Exercise details ▸
For this exercise, repeat exactly the lines below starting at the line holding "[sync] -> Gateway Out3/1" and ending at the line holding "bram0 : xps_library/Shared", both included, with no extra lines and no pictures.

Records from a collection

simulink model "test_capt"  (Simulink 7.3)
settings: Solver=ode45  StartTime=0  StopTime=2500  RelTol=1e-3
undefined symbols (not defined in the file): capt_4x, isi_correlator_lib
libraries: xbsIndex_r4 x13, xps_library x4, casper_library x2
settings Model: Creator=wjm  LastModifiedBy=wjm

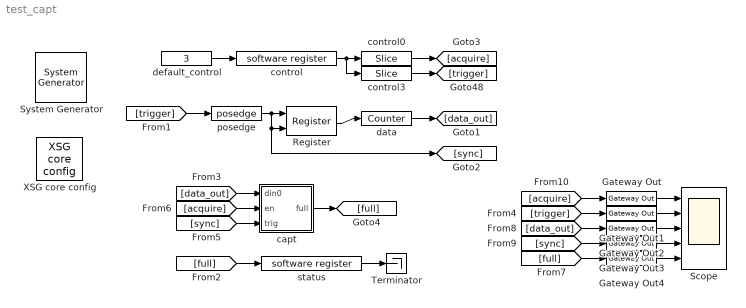
== system test_capt ==
  " System Generator" : xbsIndex_r4/ System Generator  Tag=genX  SystemSampleTime=-1  xilinxfamily=virtex5  part=xc5vsx95t  speed=-1  package=ff1136  synthesis_tool=XST  clock_wrapper=Clock Enables  directory=./test_capt/sysgen  testbench=off  simulink_period=1  sysclk_period=5  dcm_input_clock_period=100  incr_netlist=off  trim_vbits=Everywhere in SubSystem  dbl_ovrd=According to Block Masks  core_generation=According to Block Masks  run_coregen=off  deprecated_control=off  eval_field=0  block_type=sysgen
      settings: block_version=11.3
  Gateway Out{,1..4} (5 alike) : xbsIndex_r4/Gateway Out  hdl_port=on  timing_constraint=None  locs_specified=off  LOCs={}  block_type=gatewayout
      settings: infoedit="Gateway out block.  Converts Xilinx fixed point inputs into ouputs of type Simulink integer, double, or fixed point.<br><br>Hardware notes:  In hardware these blocks become top level output ports or are discarded, depending on how they are configured."  block_version=11.3
  Register : xbsIndex_r4/Register  init=0  rst=off  en=on  dbl_ovrd=off  block_type=register
      settings: block_version=11.3
  Scope : Scope  NumInputPorts=5
      settings: YMin=-5~-5~-5~-5~-5  YMax=5~5~5~5~5
  Terminator : Terminator
  XSG core config : xps_library/XSG core config  Tag=xps:xsg  SystemSampleTime=-1  hw_sys=ROACH:sx95t  ibob_linux=off  clk_src=sys_clk2x  iBOB_clk_src=sys_clk  BEE2_ctrl_clk_src=sys_clk  BEE2_usr_clk_src=sys_clk  ROACH_clk_src=sys_clk2x  CORR_clk_src=sys_clk  gpio_clk_io_group=iBOB:sma  gpio_clk_bit_index=0  clk_rate=200  sample_period=1  synthesis_tool=XST  mpc_type=powerpc440_ext
  capt : Subsystem  AncestorBlock=isi_correlator_lib/capt_4x
  control : xps_library/software register  Tag=xps:sw_reg  SystemSampleTime=-1  io_dir=From Processor  arith_type=Unsigned  bitwidth=32  bin_pt=0  sample_period=1  gw_name=test_capt_control_user_data_out
      link override corr_3ghz_10_1_corr_id_user_data_out: arith_type=Unsigned  n_bits=32  bin_pt=0  period=1
      link override corr_3ghz_10_1_exp_corr_id_user_data_out: arith_type=Unsigned  n_bits=32  bin_pt=0  period=1
      link override isi_corr_eq_coeff_user_data_out: arith_type=Unsigned  n_bits=32  bin_pt=0  period=1
      link override isi_correlator_control_user_data_out: arith_type=Unsigned  n_bits=32  bin_pt=0  period=1
      link override isi_correlator_cropped_control_user_data_out: arith_type=Unsigned  n_bits=32  bin_pt=0  period=1
      link override isi_correlator_eq_coeff_user_data_out: arith_type=Unsigned  n_bits=32  bin_pt=0  period=1
      link override isi_spectrometer_control_user_data_out: arith_type=Unsigned  n_bits=32  bin_pt=0  period=1
      link override isi_spectrometer_cropped_control_user_data_out: arith_type=Unsigned  n_bits=32  bin_pt=0  period=1
      link override isi_spectrometer_with_pfb_control_user_data_out: arith_type=Unsigned  n_bits=32  bin_pt=0  period=1
      link override roach_spectrometer_control_user_data_out: arith_type=Unsigned  n_bits=32  bin_pt=0  period=1
      link override test_link_mux_demux_control_user_data_out: arith_type=Unsigned  n_bits=32  bin_pt=0  period=1
  control0 : xbsIndex_r4/Slice  nbits=1  boolean_output=on  mode=Lower Bit Location + Width  bit1=0  base1=MSB of Input  bit0=0  base0=LSB of Input  dbl_ovrd=off  block_type=slice
      settings: infoedit="Extracts a given range of bits from each input sample and presents it at the output.  The output type is ordinarily unsigned with binary point at zero, but can be Boolean when the slice is one bit wide.<P><P>Hardware notes: In hardware this block costs nothing."  block_version=10.1.3
  control3 : xbsIndex_r4/Slice  nbits=1  boolean_output=on  mode=Lower Bit Location + Width  bit1=0  base1=MSB of Input  bit0=1  base0=LSB of Input  dbl_ovrd=off  block_type=slice
      settings: block_version=10.1.3
  data : xbsIndex_r4/Counter  cnt_type=Free Running  cnt_to=Inf  operation=Up  start_count=0  cnt_by_val=1  arith_type=Unsigned  n_bits=32  bin_pt=0  load_pin=off  rst=off  en=on  explicit_period=on  period=1  dbl_ovrd=off  use_behavioral_HDL=off  implementation=Fabric  block_type=counter
      settings: block_version=11.3
  default_control : Constant  Value=3  OutDataType=sfix(16)  OutScaling=2^0  SampleTime=1
  posedge : casper_library/Misc/posedge  Tag=Rising Edge Detector  SystemSampleTime=-1
  status : xps_library/software register  Tag=xps:sw_reg  SystemSampleTime=-1  io_dir=To Processor  arith_type=Unsigned  bitwidth=32  bin_pt=0  sample_period=1  gw_name=test_capt_status_user_data_in
      link override corr_3ghz_10_1_corr_id_user_data_out: arith_type=Unsigned  n_bits=32  bin_pt=0  period=1
      link override corr_3ghz_10_1_exp_corr_id_user_data_out: arith_type=Unsigned  n_bits=32  bin_pt=0  period=1
      link override isi_corr_eq_coeff_user_data_out: arith_type=Unsigned  n_bits=32  bin_pt=0  period=1
      link override isi_correlator_control_user_data_out: arith_type=Unsigned  n_bits=32  bin_pt=0  period=1
      link override isi_correlator_cropped_control_user_data_out: arith_type=Unsigned  n_bits=32  bin_pt=0  period=1
      link override isi_correlator_eq_coeff_user_data_out: arith_type=Unsigned  n_bits=32  bin_pt=0  period=1
      link override isi_spectrometer_control_user_data_out: arith_type=Unsigned  n_bits=32  bin_pt=0  period=1
      link override isi_spectrometer_cropped_control_user_data_out: arith_type=Unsigned  n_bits=32  bin_pt=0  period=1
      link override isi_spectrometer_with_pfb_control_user_data_out: arith_type=Unsigned  n_bits=32  bin_pt=0  period=1
      link override roach_spectrometer_control_user_data_out: arith_type=Unsigned  n_bits=32  bin_pt=0  period=1
      link override test_link_mux_demux_control_user_data_out: arith_type=Unsigned  n_bits=32  bin_pt=0  period=1
  wires:
  control/1 -> control0/1, control3/1
  default_control/1 -> control/1
  control0/1 -> [acquire]
  [data_out] -> capt/1(din0)
  control3/1 -> [trigger]
  [acquire] -> capt/2(en)
  data/1 -> [data_out]
  [sync] -> capt/3(trig)
  [trigger] -> posedge/1
  capt/1(full) -> [full]
  [full] -> status/1
  status/1 -> Terminator/1
  [acquire] -> Gateway Out/1
  [trigger] -> Gateway Out1/1
  [data_out] -> Gateway Out2/1
  [sync] -> Gateway Out3/1
  [full] -> Gateway Out4/1
  Gateway Out/1 -> Scope/1
  Gateway Out1/1 -> Scope/2
  Gateway Out2/1 -> Scope/3
  Gateway Out3/1 -> Scope/4
  Gateway Out4/1 -> Scope/5
  Register/1 -> data/1
  posedge/1 -> Register/1, Register/2, [sync]

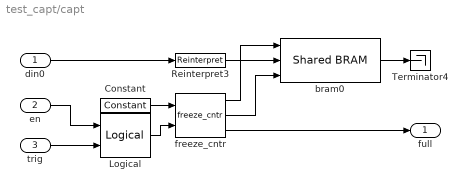
== system test_capt/capt ==
  din0 : Inport  OutDataType=sfix(16)  OutScaling=2^0
  en : Inport  Port=2  OutDataType=sfix(16)  OutScaling=2^0
  trig : Inport  Port=3  OutDataType=sfix(16)  OutScaling=2^0
  Constant : xbsIndex_r4/Constant  arith_type=Boolean  const=1  n_bits=1  bin_pt=0  explicit_period=on  period=1  equ=P=C  opselect=C  inp2=PCIN>>17  opr=+  inp1=P  carry=CIN  dbl_ovrd=off  block_type=constant
      settings: block_version=10.1.1
  Logical : xbsIndex_r4/Logical  logical_function=AND  inputs=2  en=off  latency=0  precision=Full  arith_type=Unsigned  n_bits=1  bin_pt=0  align_bp=on  dbl_ovrd=off  block_type=logical
      settings: block_version=10.1.1
  Reinterpret3 : xbsIndex_r4/Reinterpret  force_arith_type=on  arith_type=Unsigned  force_bin_pt=on  bin_pt=0  block_type=reinterpret
      settings: infoedit="Changes signal type without altering the binary representation.   You can changed the signal between signed and unsigned, and relocate the binary point.<P><P>Hardware notes: In hardware this block costs nothing.<P><P>Example:  Suppose the input is 6 bits wide, signed, with 2 fractional bits, and the output is forced to unsigned with 0 fractional bits.  Then an input of -2.0 (1110.00 in binary 2's complement) becomes an output of 56 (111000 in binary)."  block_version=10.1.1
  Terminator4 : Terminator
  bram0 : xps_library/Shared BRAM  Tag=xps:bram  SystemSampleTime=-1  arith_type=Unsigned  addr_width=11  data_width=32  data_bin_pt=0  init_vals=0  sample_rate=1
  freeze_cntr : casper_library/Misc/freeze_cntr  SystemSampleTime=-1  CounterBits=11
  full : Outport  OutDataType=fixdt(1, 16)  OutScaling=2^0
  wires:
  freeze_cntr/1 -> bram0/1
  freeze_cntr/2 -> bram0/3
  freeze_cntr/3 -> full/1
  Reinterpret3/1 -> bram0/2
  din0/1 -> Reinterpret3/1
  bram0/1 -> Terminator4/1
  Logical/1 -> freeze_cntr/2
  Constant/1 -> freeze_cntr/1
  en/1 -> Logical/1
  trig/1 -> Logical/2

Result of this task ▸
  [sync] -> Gateway Out3/1
  [full] -> Gateway Out4/1
  Gateway Out/1 -> Scope/1
  Gateway Out1/1 -> Scope/2
  Gateway Out2/1 -> Scope/3
  Gateway Out3/1 -> Scope/4
  Gateway Out4/1 -> Scope/5
  Register/1 -> data/1
  posedge/1 -> Register/1, Register/2, [sync]

== system test_capt/capt ==
  din0 : Inport  OutDataType=sfix(16)  OutScaling=2^0
  en : Inport  Port=2  OutDataType=sfix(16)  OutScaling=2^0
  trig : Inport  Port=3  OutDataType=sfix(16)  OutScaling=2^0
  Constant : xbsIndex_r4/Constant  arith_type=Boolean  const=1  n_bits=1  bin_pt=0  explicit_period=on  period=1  equ=P=C  opselect=C  inp2=PCIN>>17  opr=+  inp1=P  carry=CIN  dbl_ovrd=off  block_type=constant
      settings: block_version=10.1.1
  Logical : xbsIndex_r4/Logical  logical_function=AND  inputs=2  en=off  latency=0  precision=Full  arith_type=Unsigned  n_bits=1  bin_pt=0  align_bp=on  dbl_ovrd=off  block_type=logical
      settings: block_version=10.1.1
  Reinterpret3 : xbsIndex_r4/Reinterpret  force_arith_type=on  arith_type=Unsigned  force_bin_pt=on  bin_pt=0  block_type=reinterpret
      settings: infoedit="Changes signal type without altering the binary representation.   You can changed the signal between signed and unsigned, and relocate the binary point.<P><P>Hardware notes: In hardware this block costs nothing.<P><P>Example:  Suppose the input is 6 bits wide, signed, with 2 fractional bits, and the output is forced to unsigned with 0 fractional bits.  Then an input of -2.0 (1110.00 in binary 2's complement) becomes an output of 56 (111000 in binary)."  block_version=10.1.1
  Terminator4 : Terminator
  bram0 : xps_library/Shared BRAM  Tag=xps:bram  SystemSampleTime=-1  arith_type=Unsigned  addr_width=11  data_width=32  data_bin_pt=0  init_vals=0  sample_rate=1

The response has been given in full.